<<<<

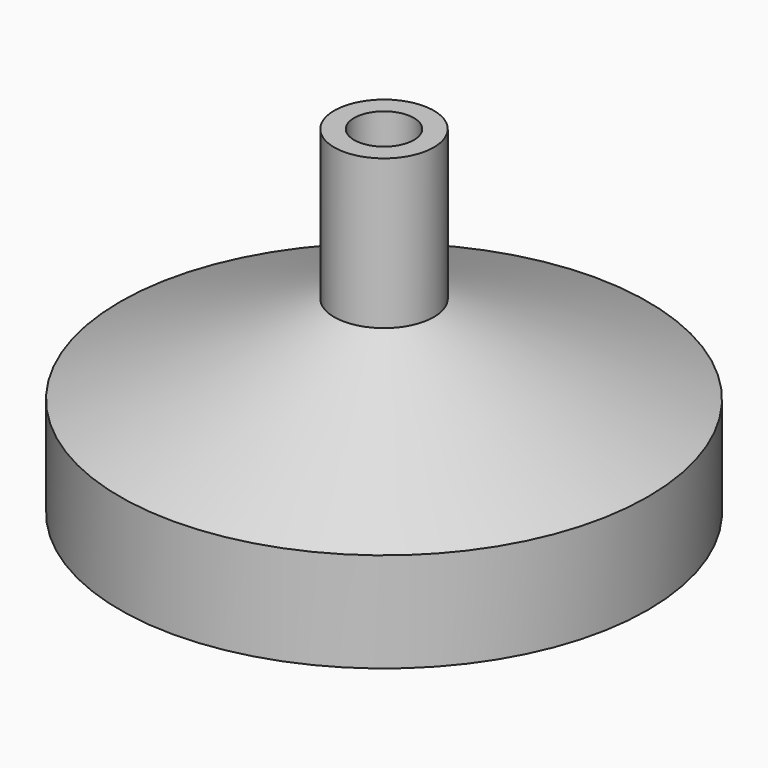
from build123d import *

# Parameters (mm, degrees)
F2_T = -2


# Not quite as in the source:
# - the program builds the solid bodies; features that only make, move or delete a surface that nothing else refers to are left out


with BuildPart() as f1:
    # F0 (on Right) → F1 (revolve)
    with BuildSketch(Plane.YZ):
        Polygon((0, 15.9718455747), (-5, 15.9718455747), (-5, 0.9718455747), (-26.5, -7.9165611044), (-26.5, -17.9165611044), (0, -17.9165611044), align=None)
    revolve(axis=Axis((0, 0, -0.4027476534), (0, 0, -1)))

    # F2
    f2_openings = [f1.faces().sort_by_distance(p)[0] for p in [
        (0, 0, -17.916561),
        (0, 0, 15.971846),
    ]]
    offset(amount=F2_T, openings=f2_openings, kind=Kind.INTERSECTION)


solid = f1.part

>>>>

# EXERCISE DIRECTIONS:
Only lines with the word "solid" count here; copy every one from the records.

# EXERCISE SOLUTION:
# - the program builds the solid bodies; features that only make, move or delete a surface that nothing else refers to are left out
solid = f1.part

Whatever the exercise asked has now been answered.